Recently, NHL has been refusing to complete assignments in school. He’ll claim that they are too hard for him when we all know that he is perfectly capable of completing them. We’ve spoken with him and believe that one of the problems is that he’s afraid to fail. He so fears not succeeding at what he’s doing that he’d rather not make any attempt at all. This is something I can greatly sympathize with.
In my teen and college years, I would often find myself frozen (figuratively speaking). I would know what I wanted to do but fear would fill my mind. I would imagine what would happen if I didn’t succeed. In my mind’s eye, worst case scenario after worst case scenario would unfold. Would people laugh at me? Would I be ridiculed for years later for my horribly failed attempt. Even when I would make an attempt, I would often self-sabotage: acting at the last minute and thus being unable to properly complete the task. For example, the year when I decided to overcome my fears and go to a Halloween costume party… when it was too late to purchase a costume. I went in a homemade “costume” that seemed clever until I actually arrived at the party.
When I met TheAngelForever online, I knew there was something special about her and I decided to work hard to put my fears aside. I successfully squashed my fears every time they arose (with one notable exception*) and we dated happily. This isn’t to say that I didn’t have those fear-filled moments. I had a lot of them. Worst Case Scenarios would try to fill my mind but I’d push them back.
With NHL so much like me, I decided I was the best person to talk to him about failure fears. Yet, my words didn’t seem enough all by themselves. I needed a more concrete example. Luckily, this was supplied courtesy of Mythbusters. A recent episode saw them testing the Archimedes Death Ray for the third time (this time at the behest of President Obama) and a myth from the movie Hellboy (a super punch to a car’s hood will make it flip up and over the person).
As often happens in Mythbusters, they came up with a brilliant plan to test the myth only to have the plan fail spectacularly and repeatedly. The Hellboy myth’s steel fist (used since mythical creatures were in short supply) kept missing the cars. The cars missed their mark. The mirrors for the Archimedes Death Ray weren’t setting fire to the ship.
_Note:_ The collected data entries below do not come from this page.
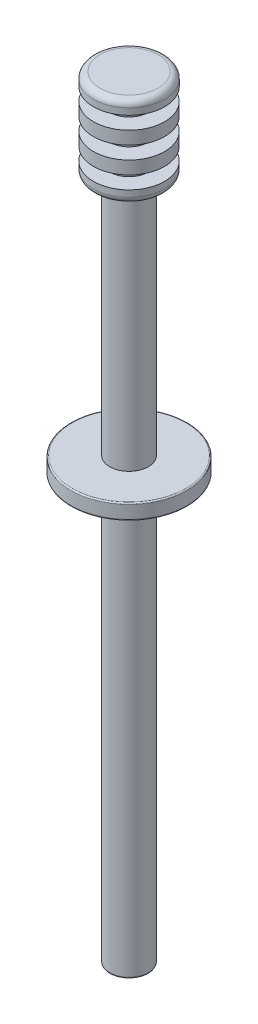
ISO-10303-21;
HEADER;
FILE_DESCRIPTION(('STEP AP214'),'2;1');
FILE_NAME('part.step','',(''),(''),'','','');
FILE_SCHEMA(('AUTOMOTIVE_DESIGN { 1 0 10303 214 1 1 1 1 }'));
ENDSEC;
DATA;
#1=APPLICATION_CONTEXT('core data for automotive mechanical design processes');
#2=APPLICATION_PROTOCOL_DEFINITION('international standard','automotive_design',2000,#1);
#3=PRODUCT_CONTEXT('',#1,'mechanical');
#4=PRODUCT('Part','Part','',(#3));
#5=PRODUCT_RELATED_PRODUCT_CATEGORY('part','',(#4));
#6=PRODUCT_DEFINITION_FORMATION('','',#4);
#7=PRODUCT_DEFINITION_CONTEXT('part definition',#1,'design');
#8=PRODUCT_DEFINITION('design','',#6,#7);
#9=PRODUCT_DEFINITION_SHAPE('','',#8);
#10=(LENGTH_UNIT() NAMED_UNIT(*) SI_UNIT(.MILLI.,.METRE.));
#11=(NAMED_UNIT(*) PLANE_ANGLE_UNIT() SI_UNIT($,.RADIAN.));
#12=(NAMED_UNIT(*) SI_UNIT($,.STERADIAN.) SOLID_ANGLE_UNIT());
#13=UNCERTAINTY_MEASURE_WITH_UNIT(LENGTH_MEASURE(1.E-05),#10,'distance_accuracy_value','');
#14=(GEOMETRIC_REPRESENTATION_CONTEXT(3) GLOBAL_UNCERTAINTY_ASSIGNED_CONTEXT((#13)) GLOBAL_UNIT_ASSIGNED_CONTEXT((#10,
#11,#12)) REPRESENTATION_CONTEXT('',''));
#15=CARTESIAN_POINT('',(0.,0.,0.));
#16=DIRECTION('',(0.,0.,1.));
#17=DIRECTION('',(1.,0.,0.));
#18=AXIS2_PLACEMENT_3D('',#15,#16,#17);
#19=CARTESIAN_POINT('',(0.,1.,0.));
#20=DIRECTION('',(0.,-1.,0.));
#21=DIRECTION('',(0.,0.,-1.));
#22=AXIS2_PLACEMENT_3D('',#19,#20,#21);
#23=CYLINDRICAL_SURFACE('',#22,2.75);
#24=CARTESIAN_POINT('',(0.,0.5,0.));
#25=DIRECTION('',(0.,1.,0.));
#26=DIRECTION('',(0.,0.,1.));
#27=AXIS2_PLACEMENT_3D('',#24,#25,#26);
#28=CIRCLE('',#27,2.75);
#29=CARTESIAN_POINT('',(0.,0.5,2.75));
#30=VERTEX_POINT('',#29);
#31=EDGE_CURVE('E80',#30,#30,#28,.F.);
#32=ORIENTED_EDGE('',*,*,#31,.T.);
#33=EDGE_LOOP('',(#32));
#34=FACE_BOUND('',#33,.T.);
#35=CARTESIAN_POINT('',(0.,0.,0.));
#36=DIRECTION('',(0.,1.,0.));
#37=DIRECTION('',(0.,0.,1.));
#38=AXIS2_PLACEMENT_3D('',#35,#36,#37);
#39=CIRCLE('',#38,2.75);
#40=CARTESIAN_POINT('',(0.,0.,2.75));
#41=VERTEX_POINT('',#40);
#42=EDGE_CURVE('E89',#41,#41,#39,.T.);
#43=ORIENTED_EDGE('',*,*,#42,.T.);
#44=EDGE_LOOP('',(#43));
#45=FACE_BOUND('',#44,.T.);
#46=ADVANCED_FACE('F40',(#34,#45),#23,.T.);
#47=CARTESIAN_POINT('',(0.,1.,0.));
#48=DIRECTION('',(0.,1.,0.));
#49=DIRECTION('',(0.,0.,1.));
#50=AXIS2_PLACEMENT_3D('',#47,#48,#49);
#51=PLANE('',#50);
#52=CARTESIAN_POINT('',(0.,1.,0.));
#53=DIRECTION('',(0.,1.,0.));
#54=DIRECTION('',(0.,0.,1.));
#55=AXIS2_PLACEMENT_3D('',#52,#53,#54);
#56=CIRCLE('',#55,2.25);
#57=CARTESIAN_POINT('',(0.,1.,2.25));
#58=VERTEX_POINT('',#57);
#59=EDGE_CURVE('E84',#58,#58,#56,.T.);
#60=ORIENTED_EDGE('',*,*,#59,.T.);
#61=EDGE_LOOP('',(#60));
#62=FACE_BOUND('',#61,.T.);
#63=ADVANCED_FACE('F168',(#62),#51,.T.);
#64=CARTESIAN_POINT('',(0.,0.,0.));
#65=DIRECTION('',(0.,1.,0.));
#66=DIRECTION('',(0.,0.,1.));
#67=AXIS2_PLACEMENT_3D('',#64,#65,#66);
#68=PLANE('',#67);
#69=CARTESIAN_POINT('',(0.,0.,0.));
#70=DIRECTION('',(0.,-1.,0.));
#71=DIRECTION('',(0.,0.,-1.));
#72=AXIS2_PLACEMENT_3D('',#69,#70,#71);
#73=CIRCLE('',#72,1.5);
#74=CARTESIAN_POINT('',(0.,0.,-1.5));
#75=VERTEX_POINT('',#74);
#76=EDGE_CURVE('E93',#75,#75,#73,.T.);
#77=ORIENTED_EDGE('',*,*,#76,.F.);
#78=EDGE_LOOP('',(#77));
#79=FACE_BOUND('',#78,.T.);
#80=ORIENTED_EDGE('',*,*,#42,.F.);
#81=EDGE_LOOP('',(#80));
#82=FACE_BOUND('',#81,.T.);
#83=ADVANCED_FACE('F174',(#79,#82),#68,.F.);
#84=CARTESIAN_POINT('',(0.,-1.,0.));
#85=DIRECTION('',(0.,1.,0.));
#86=DIRECTION('',(0.,0.,1.));
#87=AXIS2_PLACEMENT_3D('',#84,#85,#86);
#88=CYLINDRICAL_SURFACE('',#87,1.5);
#89=CARTESIAN_POINT('',(0.,-1.,0.));
#90=DIRECTION('',(0.,-1.,0.));
#91=DIRECTION('',(0.,0.,-1.));
#92=AXIS2_PLACEMENT_3D('',#89,#90,#91);
#93=CIRCLE('',#92,1.5);
#94=CARTESIAN_POINT('',(0.,-1.,-1.5));
#95=VERTEX_POINT('',#94);
#96=EDGE_CURVE('E94',#95,#95,#93,.T.);
#97=ORIENTED_EDGE('',*,*,#96,.F.);
#98=EDGE_LOOP('',(#97));
#99=FACE_BOUND('',#98,.T.);
#100=ORIENTED_EDGE('',*,*,#76,.T.);
#101=EDGE_LOOP('',(#100));
#102=FACE_BOUND('',#101,.T.);
#103=ADVANCED_FACE('F255',(#99,#102),#88,.T.);
#104=CARTESIAN_POINT('',(0.,-2.,0.));
#105=DIRECTION('',(0.,1.,0.));
#106=DIRECTION('',(0.,0.,1.));
#107=AXIS2_PLACEMENT_3D('',#104,#105,#106);
#108=CYLINDRICAL_SURFACE('',#107,2.75);
#109=CARTESIAN_POINT('',(0.,-2.,0.));
#110=DIRECTION('',(0.,-1.,0.));
#111=DIRECTION('',(0.,0.,-1.));
#112=AXIS2_PLACEMENT_3D('',#109,#110,#111);
#113=CIRCLE('',#112,2.75);
#114=CARTESIAN_POINT('',(0.,-2.,-2.75));
#115=VERTEX_POINT('',#114);
#116=EDGE_CURVE('E102',#115,#115,#113,.T.);
#117=ORIENTED_EDGE('',*,*,#116,.F.);
#118=EDGE_LOOP('',(#117));
#119=FACE_BOUND('',#118,.T.);
#120=CARTESIAN_POINT('',(0.,-1.,0.));
#121=DIRECTION('',(0.,-1.,0.));
#122=DIRECTION('',(0.,0.,-1.));
#123=AXIS2_PLACEMENT_3D('',#120,#121,#122);
#124=CIRCLE('',#123,2.75);
#125=CARTESIAN_POINT('',(0.,-1.,-2.75));
#126=VERTEX_POINT('',#125);
#127=EDGE_CURVE('E103',#126,#126,#124,.T.);
#128=ORIENTED_EDGE('',*,*,#127,.T.);
#129=EDGE_LOOP('',(#128));
#130=FACE_BOUND('',#129,.T.);
#131=ADVANCED_FACE('F248',(#119,#130),#108,.T.);
#132=CARTESIAN_POINT('',(0.,-2.,0.));
#133=DIRECTION('',(0.,-1.,0.));
#134=DIRECTION('',(0.,0.,-1.));
#135=AXIS2_PLACEMENT_3D('',#132,#133,#134);
#136=PLANE('',#135);
#137=CARTESIAN_POINT('',(0.,-2.,0.));
#138=DIRECTION('',(0.,-1.,0.));
#139=DIRECTION('',(0.,0.,-1.));
#140=AXIS2_PLACEMENT_3D('',#137,#138,#139);
#141=CIRCLE('',#140,1.5);
#142=CARTESIAN_POINT('',(0.,-2.,-1.5));
#143=VERTEX_POINT('',#142);
#144=EDGE_CURVE('E98',#143,#143,#141,.T.);
#145=ORIENTED_EDGE('',*,*,#144,.F.);
#146=EDGE_LOOP('',(#145));
#147=FACE_BOUND('',#146,.T.);
#148=ORIENTED_EDGE('',*,*,#116,.T.);
#149=EDGE_LOOP('',(#148));
#150=FACE_BOUND('',#149,.T.);
#151=ADVANCED_FACE('F245',(#147,#150),#136,.T.);
#152=CARTESIAN_POINT('',(0.,-1.,0.));
#153=DIRECTION('',(0.,-1.,0.));
#154=DIRECTION('',(0.,0.,-1.));
#155=AXIS2_PLACEMENT_3D('',#152,#153,#154);
#156=PLANE('',#155);
#157=ORIENTED_EDGE('',*,*,#96,.T.);
#158=EDGE_LOOP('',(#157));
#159=FACE_BOUND('',#158,.T.);
#160=ORIENTED_EDGE('',*,*,#127,.F.);
#161=EDGE_LOOP('',(#160));
#162=FACE_BOUND('',#161,.T.);
#163=ADVANCED_FACE('F243',(#159,#162),#156,.F.);
#164=CARTESIAN_POINT('',(0.,-3.,0.));
#165=DIRECTION('',(0.,1.,0.));
#166=DIRECTION('',(0.,0.,1.));
#167=AXIS2_PLACEMENT_3D('',#164,#165,#166);
#168=CYLINDRICAL_SURFACE('',#167,1.5);
#169=CARTESIAN_POINT('',(0.,-3.,0.));
#170=DIRECTION('',(0.,-1.,0.));
#171=DIRECTION('',(0.,0.,-1.));
#172=AXIS2_PLACEMENT_3D('',#169,#170,#171);
#173=CIRCLE('',#172,1.5);
#174=CARTESIAN_POINT('',(0.,-3.,-1.5));
#175=VERTEX_POINT('',#174);
#176=EDGE_CURVE('E107',#175,#175,#173,.T.);
#177=ORIENTED_EDGE('',*,*,#176,.F.);
#178=EDGE_LOOP('',(#177));
#179=FACE_BOUND('',#178,.T.);
#180=ORIENTED_EDGE('',*,*,#144,.T.);
#181=EDGE_LOOP('',(#180));
#182=FACE_BOUND('',#181,.T.);
#183=ADVANCED_FACE('F239',(#179,#182),#168,.T.);
#184=CARTESIAN_POINT('',(0.,-4.,0.));
#185=DIRECTION('',(0.,1.,0.));
#186=DIRECTION('',(0.,0.,1.));
#187=AXIS2_PLACEMENT_3D('',#184,#185,#186);
#188=CYLINDRICAL_SURFACE('',#187,2.75);
#189=CARTESIAN_POINT('',(0.,-4.,0.));
#190=DIRECTION('',(0.,-1.,0.));
#191=DIRECTION('',(0.,0.,-1.));
#192=AXIS2_PLACEMENT_3D('',#189,#190,#191);
#193=CIRCLE('',#192,2.75);
#194=CARTESIAN_POINT('',(0.,-4.,-2.75));
#195=VERTEX_POINT('',#194);
#196=EDGE_CURVE('E118',#195,#195,#193,.T.);
#197=ORIENTED_EDGE('',*,*,#196,.F.);
#198=EDGE_LOOP('',(#197));
#199=FACE_BOUND('',#198,.T.);
#200=CARTESIAN_POINT('',(0.,-3.,0.));
#201=DIRECTION('',(0.,-1.,0.));
#202=DIRECTION('',(0.,0.,-1.));
#203=AXIS2_PLACEMENT_3D('',#200,#201,#202);
#204=CIRCLE('',#203,2.75);
#205=CARTESIAN_POINT('',(0.,-3.,-2.75));
#206=VERTEX_POINT('',#205);
#207=EDGE_CURVE('E119',#206,#206,#204,.T.);
#208=ORIENTED_EDGE('',*,*,#207,.T.);
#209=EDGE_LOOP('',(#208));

I pointed out to NHL how many times the Mythbusters failed. I told him one of the Mythbusters’ mottos: Failure is always an option. I told him that, when the Mythbusters failed, they figured out what went wrong and fixed it so that their next attempt would succeed. Did they want to fail? Of course not. Were they afraid of failure? Definitely not. Even a failed test can yield valuable data.
At the end of the show, Jamie was commenting on the busting of the Archimedes Death Ray. He remarked that the ship wasn’t set on fire but all the reflected light was extremely disconcerting. He theorized that the Archimedes Death Ray was really designed to distract and disorient invaders. Then, Jamie said something that should be taught to all kids. Something that I’ll definitely be repeating over and over to NHL.
“When we experiment… When we try things and we fail… We start to ask why. And that’s when we learn.”
* The one notable exception was after I first met TheAngelForever in person. After a great first in-person date, she was supposed to call me when she got home. I waited patiently but didn’t get a call. I began to imagine worst case scenarios including car accidents. I called and reached her mother. She said that B hadn’t arrived home yet and she would call me when she got home. After another hour, I called again… and again. By now, I was really afraid that something awful had befallen her. It turned out that she was parked in the driveway of a friend of hers, talking about how well the date went. My fears for B’s safety had endeared me to her mother. This one time, the only time I can think of, my fears actually did some good.